Israel relies heavily on its citizenry to switch from civilian clothes to uniforms and back again, in a matter of hours. That blurs the line: Soldiers one day are protesters the next. The country refuses to confirm troop strengths, but outside military analysts put Israel's army at about 150,000 active-duty soldiers and 500,000 trained reservists.
"This is a real people's army," said Uri Dromi, a retired air force colonel, military spokesman and now a director of the Israel Democracy Institute in Jerusalem. "The military is often not dealing with a 20-year-old but a civilian who was called up. You have to strike a balance between demanding that they perform like soldiers anywhere, and at the same time realizing they are civilians."
In many cases, that requires more persuasion than blind obedience to orders, Dromi said. "The Israeli army has never been known for being disciplined," he said. "You don't coerce people to do things."
When his reserve unit was called, Itamar Shapira made the trip to northern Israel just to explain to his comrades why he was refusing to go. That was the toughest thing, he said.
"People say, if you refuse, and your friends are sent to die, how would you feel?" he said. "I wanted to show my friends that I wasn't doing it out of fear. They understood it. They knew what I was going through."
Shapira said almost all of the army officers he dealt with when he balked at service "were pretty nice."
From time to time, the army has tried to deal with such protests harshly, by dismissing the soldiers from the army and, in a few cases, bringing them to courts-martial. The result has often been more politically costly to the military and the government, Dromi said.
"The army does not want to push very hard on this," said Ishai Menuchin, 48, who founded Yesh Gvul, an organization for soldiers and reservists refusing to serve. As a lieutenant, Menuchin was jailed in 1983 for refusing to fight, but stayed in the reserves and was promoted to major.
"The army tries very hard not to put these people in prison," he said. "The basic model of the Israeli army is that it should represent the nation, and every part of the Jewish nation should be part of the army. It's very important to them that all sides of the political map are serving."
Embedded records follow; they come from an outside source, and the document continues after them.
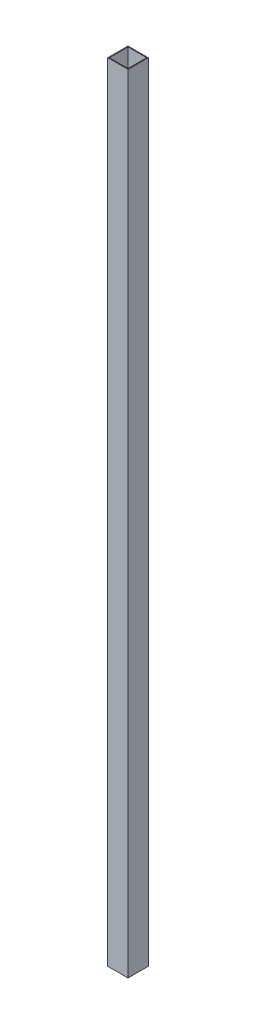
ISO-10303-21;
HEADER;
FILE_DESCRIPTION(('STEP AP214'),'2;1');
FILE_NAME('part.step','',(''),(''),'','','');
FILE_SCHEMA(('AUTOMOTIVE_DESIGN { 1 0 10303 214 1 1 1 1 }'));
ENDSEC;
DATA;
#1=APPLICATION_CONTEXT('core data for automotive mechanical design processes');
#2=APPLICATION_PROTOCOL_DEFINITION('international standard','automotive_design',2000,#1);
#3=PRODUCT_CONTEXT('',#1,'mechanical');
#4=PRODUCT('Part','Part','',(#3));
#5=PRODUCT_RELATED_PRODUCT_CATEGORY('part','',(#4));
#6=PRODUCT_DEFINITION_FORMATION('','',#4);
#7=PRODUCT_DEFINITION_CONTEXT('part definition',#1,'design');
#8=PRODUCT_DEFINITION('design','',#6,#7);
#9=PRODUCT_DEFINITION_SHAPE('','',#8);
#10=(LENGTH_UNIT() NAMED_UNIT(*) SI_UNIT(.MILLI.,.METRE.));
#11=(NAMED_UNIT(*) PLANE_ANGLE_UNIT() SI_UNIT($,.RADIAN.));
#12=(NAMED_UNIT(*) SI_UNIT($,.STERADIAN.) SOLID_ANGLE_UNIT());
#13=UNCERTAINTY_MEASURE_WITH_UNIT(LENGTH_MEASURE(1.E-05),#10,'distance_accuracy_value','');
#14=(GEOMETRIC_REPRESENTATION_CONTEXT(3) GLOBAL_UNCERTAINTY_ASSIGNED_CONTEXT((#13)) GLOBAL_UNIT_ASSIGNED_CONTEXT((#10,
#11,#12)) REPRESENTATION_CONTEXT('',''));
#15=CARTESIAN_POINT('',(0.,0.,0.));
#16=DIRECTION('',(0.,0.,1.));
#17=DIRECTION('',(1.,0.,0.));
#18=AXIS2_PLACEMENT_3D('',#15,#16,#17);
#19=CARTESIAN_POINT('',(0.,971.,0.));
#20=DIRECTION('',(0.,-1.,0.));
#21=DIRECTION('',(0.,0.,-1.));
#22=AXIS2_PLACEMENT_3D('',#19,#20,#21);
#23=PLANE('',#22);
#24=DIRECTION('',(0.,0.,-1.));
#25=VECTOR('',#24,1.);
#26=CARTESIAN_POINT('',(12.5,971.,12.5));
#27=LINE('',#26,#25);
#28=CARTESIAN_POINT('',(12.5,971.,12.5));
#29=VERTEX_POINT('',#28);
#30=CARTESIAN_POINT('',(12.5,971.,-12.5));
#31=VERTEX_POINT('',#30);
#32=EDGE_CURVE('E140',#29,#31,#27,.T.);
#33=ORIENTED_EDGE('',*,*,#32,.T.);
#34=DIRECTION('',(-1.,0.,0.));
#35=VECTOR('',#34,1.);
#36=CARTESIAN_POINT('',(-12.5,971.,-12.5));
#37=LINE('',#36,#35);
#38=CARTESIAN_POINT('',(-12.5,971.,-12.5));
#39=VERTEX_POINT('',#38);
#40=EDGE_CURVE('E143',#31,#39,#37,.T.);
#41=ORIENTED_EDGE('',*,*,#40,.T.);
#42=DIRECTION('',(0.,0.,1.));
#43=VECTOR('',#42,1.);
#44=CARTESIAN_POINT('',(-12.5,971.,12.5));
#45=LINE('',#44,#43);
#46=CARTESIAN_POINT('',(-12.5,971.,12.5));
#47=VERTEX_POINT('',#46);
#48=EDGE_CURVE('E146',#39,#47,#45,.T.);
#49=ORIENTED_EDGE('',*,*,#48,.T.);
#50=DIRECTION('',(1.,0.,0.));
#51=VECTOR('',#50,1.);
#52=CARTESIAN_POINT('',(-12.5,971.,12.5));
#53=LINE('',#52,#51);
#54=EDGE_CURVE('E148',#47,#29,#53,.T.);
#55=ORIENTED_EDGE('',*,*,#54,.T.);
#56=EDGE_LOOP('',(#33,#41,#49,#55));
#57=FACE_BOUND('',#56,.T.);
#58=DIRECTION('',(0.,0.,1.));
#59=VECTOR('',#58,1.);
#60=CARTESIAN_POINT('',(-11.5,971.,11.5));
#61=LINE('',#60,#59);
#62=CARTESIAN_POINT('',(-11.5,971.,-11.5));
#63=VERTEX_POINT('',#62);
#64=CARTESIAN_POINT('',(-11.5,971.,11.5));
#65=VERTEX_POINT('',#64);
#66=EDGE_CURVE('E104',#63,#65,#61,.T.);
#67=ORIENTED_EDGE('',*,*,#66,.F.);
#68=DIRECTION('',(-1.,0.,0.));
#69=VECTOR('',#68,1.);
#70=CARTESIAN_POINT('',(-11.5,971.,-11.5));
#71=LINE('',#70,#69);
#72=CARTESIAN_POINT('',(11.5,971.,-11.5));
#73=VERTEX_POINT('',#72);
#74=EDGE_CURVE('E126',#73,#63,#71,.T.);
#75=ORIENTED_EDGE('',*,*,#74,.F.);
#76=DIRECTION('',(0.,0.,-1.));
#77=VECTOR('',#76,1.);
#78=CARTESIAN_POINT('',(11.5,971.,11.5));
#79=LINE('',#78,#77);
#80=CARTESIAN_POINT('',(11.5,971.,11.5));
#81=VERTEX_POINT('',#80);
#82=EDGE_CURVE('E124',#81,#73,#79,.T.);
#83=ORIENTED_EDGE('',*,*,#82,.F.);
#84=DIRECTION('',(1.,0.,0.));
#85=VECTOR('',#84,1.);
#86=CARTESIAN_POINT('',(-11.5,971.,11.5));
#87=LINE('',#86,#85);
#88=EDGE_CURVE('E112',#65,#81,#87,.T.);
#89=ORIENTED_EDGE('',*,*,#88,.F.);
#90=EDGE_LOOP('',(#67,#75,#83,#89));
#91=FACE_BOUND('',#90,.T.);
#92=ADVANCED_FACE('F39',(#57,#91),#23,.F.);
#93=CARTESIAN_POINT('',(0.,0.,0.));
#94=DIRECTION('',(0.,-1.,0.));
#95=DIRECTION('',(0.,0.,-1.));
#96=AXIS2_PLACEMENT_3D('',#93,#94,#95);
#97=PLANE('',#96);
#98=DIRECTION('',(0.,0.,-1.));
#99=VECTOR('',#98,1.);
#100=CARTESIAN_POINT('',(12.5,0.,12.5));
#101=LINE('',#100,#99);
#102=CARTESIAN_POINT('',(12.5,0.,12.5));
#103=VERTEX_POINT('',#102);
#104=CARTESIAN_POINT('',(12.5,0.,-12.5));
#105=VERTEX_POINT('',#104);
#106=EDGE_CURVE('E120',#103,#105,#101,.T.);
#107=ORIENTED_EDGE('',*,*,#106,.F.);
#108=DIRECTION('',(1.,0.,0.));
#109=VECTOR('',#108,1.);
#110=CARTESIAN_POINT('',(-12.5,0.,12.5));
#111=LINE('',#110,#109);
#112=CARTESIAN_POINT('',(-12.5,0.,12.5));
#113=VERTEX_POINT('',#112);
#114=EDGE_CURVE('E144',#113,#103,#111,.T.);
#115=ORIENTED_EDGE('',*,*,#114,.F.);
#116=DIRECTION('',(0.,0.,1.));
#117=VECTOR('',#116,1.);
#118=CARTESIAN_POINT('',(-12.5,0.,12.5));
#119=LINE('',#118,#117);
#120=CARTESIAN_POINT('',(-12.5,0.,-12.5));
#121=VERTEX_POINT('',#120);
#122=EDGE_CURVE('E155',#121,#113,#119,.T.);
#123=ORIENTED_EDGE('',*,*,#122,.F.);
#124=DIRECTION('',(-1.,0.,0.));
#125=VECTOR('',#124,1.);
#126=CARTESIAN_POINT('',(-12.5,0.,-12.5));
#127=LINE('',#126,#125);
#128=EDGE_CURVE('E153',#105,#121,#127,.T.);
#129=ORIENTED_EDGE('',*,*,#128,.F.);
#130=EDGE_LOOP('',(#107,#115,#123,#129));
#131=FACE_BOUND('',#130,.T.);
#132=DIRECTION('',(-1.,0.,0.));
#133=VECTOR('',#132,1.);
#134=CARTESIAN_POINT('',(-11.5,0.,-11.5));
#135=LINE('',#134,#133);
#136=CARTESIAN_POINT('',(11.5,0.,-11.5));
#137=VERTEX_POINT('',#136);
#138=CARTESIAN_POINT('',(-11.5,0.,-11.5));
#139=VERTEX_POINT('',#138);
#140=EDGE_CURVE('E113',#137,#139,#135,.T.);
#141=ORIENTED_EDGE('',*,*,#140,.T.);
#142=DIRECTION('',(0.,0.,1.));
#143=VECTOR('',#142,1.);
#144=CARTESIAN_POINT('',(-11.5,0.,11.5));
#145=LINE('',#144,#143);
#146=CARTESIAN_POINT('',(-11.5,0.,11.5));
#147=VERTEX_POINT('',#146);
#148=EDGE_CURVE('E62',#139,#147,#145,.T.);
#149=ORIENTED_EDGE('',*,*,#148,.T.);
#150=DIRECTION('',(1.,0.,0.));
#151=VECTOR('',#150,1.);
#152=CARTESIAN_POINT('',(-11.5,0.,11.5));
#153=LINE('',#152,#151);
#154=CARTESIAN_POINT('',(11.5,0.,11.5));
#155=VERTEX_POINT('',#154);
#156=EDGE_CURVE('E119',#147,#155,#153,.T.);
#157=ORIENTED_EDGE('',*,*,#156,.T.);
#158=DIRECTION('',(0.,0.,-1.));
#159=VECTOR('',#158,1.);
#160=CARTESIAN_POINT('',(11.5,0.,11.5));
#161=LINE('',#160,#159);
#162=EDGE_CURVE('E132',#155,#137,#161,.T.);
#163=ORIENTED_EDGE('',*,*,#162,.T.);
#164=EDGE_LOOP('',(#141,#149,#157,#163));
#165=FACE_BOUND('',#164,.T.);
#166=ADVANCED_FACE('F173',(#131,#165),#97,.T.);
#167=CARTESIAN_POINT('',(12.5,971.,12.5));
#168=DIRECTION('',(-1.,0.,0.));
#169=DIRECTION('',(0.,0.,1.));
#170=AXIS2_PLACEMENT_3D('',#167,#168,#169);
#171=PLANE('',#170);
#172=ORIENTED_EDGE('',*,*,#106,.T.);
#173=DIRECTION('',(0.,-1.,0.));
#174=VECTOR('',#173,1.);
#175=CARTESIAN_POINT('',(12.5,971.,-12.5));
#176=LINE('',#175,#174);
#177=EDGE_CURVE('E11',#31,#105,#176,.T.);
#178=ORIENTED_EDGE('',*,*,#177,.F.);
#179=ORIENTED_EDGE('',*,*,#32,.F.);
#180=DIRECTION('',(0.,-1.,0.));
#181=VECTOR('',#180,1.);
#182=CARTESIAN_POINT('',(12.5,971.,12.5));
#183=LINE('',#182,#181);
#184=EDGE_CURVE('E150',#29,#103,#183,.T.);
#185=ORIENTED_EDGE('',*,*,#184,.T.);
#186=EDGE_LOOP('',(#172,#178,#179,#185));
#187=FACE_BOUND('',#186,.T.);
#188=ADVANCED_FACE('F41',(#187),#171,.F.);
#189=CARTESIAN_POINT('',(-12.5,971.,-12.5));
#190=DIRECTION('',(0.,0.,1.));
#191=DIRECTION('',(1.,0.,0.));
#192=AXIS2_PLACEMENT_3D('',#189,#190,#191);
#193=PLANE('',#192);
#194=ORIENTED_EDGE('',*,*,#128,.T.);
#195=DIRECTION('',(0.,-1.,0.));
#196=VECTOR('',#195,1.);
#197=CARTESIAN_POINT('',(-12.5,971.,-12.5));
#198=LINE('',#197,#196);
#199=EDGE_CURVE('E47',#39,#121,#198,.T.);
#200=ORIENTED_EDGE('',*,*,#199,.F.);
#201=ORIENTED_EDGE('',*,*,#40,.F.);
#202=ORIENTED_EDGE('',*,*,#177,.T.);
#203=EDGE_LOOP('',(#194,#200,#201,#202));
#204=FACE_BOUND('',#203,.T.);
#205=ADVANCED_FACE('F183',(#204),#193,.F.);
#206=CARTESIAN_POINT('',(-12.5,971.,12.5));
#207=DIRECTION('',(1.,0.,0.));
#208=DIRECTION('',(0.,0.,-1.));
#209=AXIS2_PLACEMENT_3D('',#206,#207,#208);
#210=PLANE('',#209);
#211=ORIENTED_EDGE('',*,*,#122,.T.);
#212=DIRECTION('',(0.,-1.,0.));
#213=VECTOR('',#212,1.);
#214=CARTESIAN_POINT('',(-12.5,971.,12.5));
#215=LINE('',#214,#213);
#216=EDGE_CURVE('E160',#47,#113,#215,.T.);
#217=ORIENTED_EDGE('',*,*,#216,.F.);
#218=ORIENTED_EDGE('',*,*,#48,.F.);
#219=ORIENTED_EDGE('',*,*,#199,.T.);
#220=EDGE_LOOP('',(#211,#217,#218,#219));
#221=FACE_BOUND('',#220,.T.);
#222=ADVANCED_FACE('F167',(#221),#210,.F.);
#223=CARTESIAN_POINT('',(-12.5,971.,12.5));
#224=DIRECTION('',(0.,0.,-1.));
#225=DIRECTION('',(-1.,0.,0.));
#226=AXIS2_PLACEMENT_3D('',#223,#224,#225);
#227=PLANE('',#226);
#228=ORIENTED_EDGE('',*,*,#114,.T.);
#229=ORIENTED_EDGE('',*,*,#184,.F.);
#230=ORIENTED_EDGE('',*,*,#54,.F.);
#231=ORIENTED_EDGE('',*,*,#216,.T.);
#232=EDGE_LOOP('',(#228,#229,#230,#231));
#233=FACE_BOUND('',#232,.T.);
#234=ADVANCED_FACE('F177',(#233),#227,.F.);
#235=CARTESIAN_POINT('',(-11.5,971.,11.5));
#236=DIRECTION('',(1.,0.,0.));
#237=DIRECTION('',(0.,0.,-1.));
#238=AXIS2_PLACEMENT_3D('',#235,#236,#237);
#239=PLANE('',#238);
#240=ORIENTED_EDGE('',*,*,#148,.F.);
#241=DIRECTION('',(0.,-1.,0.));
#242=VECTOR('',#241,1.);
#243=CARTESIAN_POINT('',(-11.5,971.,-11.5));
#244=LINE('',#243,#242);
#245=EDGE_CURVE('E108',#63,#139,#244,.T.);
#246=ORIENTED_EDGE('',*,*,#245,.F.);
#247=ORIENTED_EDGE('',*,*,#66,.T.);
#248=DIRECTION('',(0.,-1.,0.));
#249=VECTOR('',#248,1.);
#250=CARTESIAN_POINT('',(-11.5,971.,11.5));
#251=LINE('',#250,#249);
#252=EDGE_CURVE('E107',#65,#147,#251,.T.);
#253=ORIENTED_EDGE('',*,*,#252,.T.);
#254=EDGE_LOOP('',(#240,#246,#247,#253));
#255=FACE_BOUND('',#254,.T.);
#256=ADVANCED_FACE('F106',(#255),#239,.T.);
#257=CARTESIAN_POINT('',(-11.5,971.,11.5));
#258=DIRECTION('',(0.,0.,-1.));
#259=DIRECTION('',(-1.,0.,0.));
#260=AXIS2_PLACEMENT_3D('',#257,#258,#259);
#261=PLANE('',#260);
#262=ORIENTED_EDGE('',*,*,#156,.F.);
#263=ORIENTED_EDGE('',*,*,#252,.F.);
#264=ORIENTED_EDGE('',*,*,#88,.T.);
#265=DIRECTION('',(0.,-1.,0.));
#266=VECTOR('',#265,1.);
#267=CARTESIAN_POINT('',(11.5,971.,11.5));
#268=LINE('',#267,#266);
#269=EDGE_CURVE('E121',#81,#155,#268,.T.);
#270=ORIENTED_EDGE('',*,*,#269,.T.);
#271=EDGE_LOOP('',(#262,#263,#264,#270));
#272=FACE_BOUND('',#271,.T.);
#273=ADVANCED_FACE('F116',(#272),#261,.T.);
#274=CARTESIAN_POINT('',(11.5,971.,11.5));
#275=DIRECTION('',(-1.,0.,0.));
#276=DIRECTION('',(0.,0.,1.));
#277=AXIS2_PLACEMENT_3D('',#274,#275,#276);
#278=PLANE('',#277);
#279=ORIENTED_EDGE('',*,*,#162,.F.);
#280=ORIENTED_EDGE('',*,*,#269,.F.);
#281=ORIENTED_EDGE('',*,*,#82,.T.);
#282=DIRECTION('',(0.,-1.,0.));
#283=VECTOR('',#282,1.);
#284=CARTESIAN_POINT('',(11.5,971.,-11.5));
#285=LINE('',#284,#283);
#286=EDGE_CURVE('E54',#73,#137,#285,.T.);
#287=ORIENTED_EDGE('',*,*,#286,.T.);
#288=EDGE_LOOP('',(#279,#280,#281,#287));
#289=FACE_BOUND('',#288,.T.);
#290=ADVANCED_FACE('F206',(#289),#278,.T.);
#291=CARTESIAN_POINT('',(-11.5,971.,-11.5));
#292=DIRECTION('',(0.,0.,1.));
#293=DIRECTION('',(1.,0.,0.));
#294=AXIS2_PLACEMENT_3D('',#291,#292,#293);
#295=PLANE('',#294);
#296=ORIENTED_EDGE('',*,*,#140,.F.);
#297=ORIENTED_EDGE('',*,*,#286,.F.);
#298=ORIENTED_EDGE('',*,*,#74,.T.);
#299=ORIENTED_EDGE('',*,*,#245,.T.);
#300=EDGE_LOOP('',(#296,#297,#298,#299));
#301=FACE_BOUND('',#300,.T.);
#302=ADVANCED_FACE('F210',(#301),#295,.T.);
#303=CLOSED_SHELL('',(#92,#166,#188,#205,#222,#234,#256,#273,#290,#302));
#304=MANIFOLD_SOLID_BREP('B2',#303);
#305=ADVANCED_BREP_SHAPE_REPRESENTATION('',(#18,#304),#14);
#306=SHAPE_DEFINITION_REPRESENTATION(#9,#305);
ENDSEC;
END-ISO-10303-21;

After the Israeli invasion of Lebanon in 1982, about 3,500 Israeli reservists signed a petition refusing to serve but only about 170 were jailed, Menuchin said. A similarly small percentage were punished for refusing to serve during the Palestinian uprisings in the West Bank and Gaza. In this war, Menuchin said he knows of seven jailed soldiers out of about 50 he estimates refused to serve.
The balking soldiers have traditionally been from Israel's largely secular liberal left. But some have been supporters of the movement to build Jewish settlements in the West Bank and Gaza Strip and have refused to serve in an army that was ordered to dismantle the Gaza settlements last year. The reserve soldiers protesting this Lebanon war reflect a mix of political backgrounds, and many are simply angry at what they saw as inept leadership.
"It's a very small state, and everyone knows everyone," said Moshe Levi, 50, a sergeant who volunteered for recall during the war even though he could be excused for service because of his age. The soldiers are never shy about pointing out shortcomings in their officers, he said.
"We're all chiefs of staff," he said with a chuckle. "There is not one Israeli soldier in reserve duty who isn't sure that he could replace the current chief of staff at any given minute."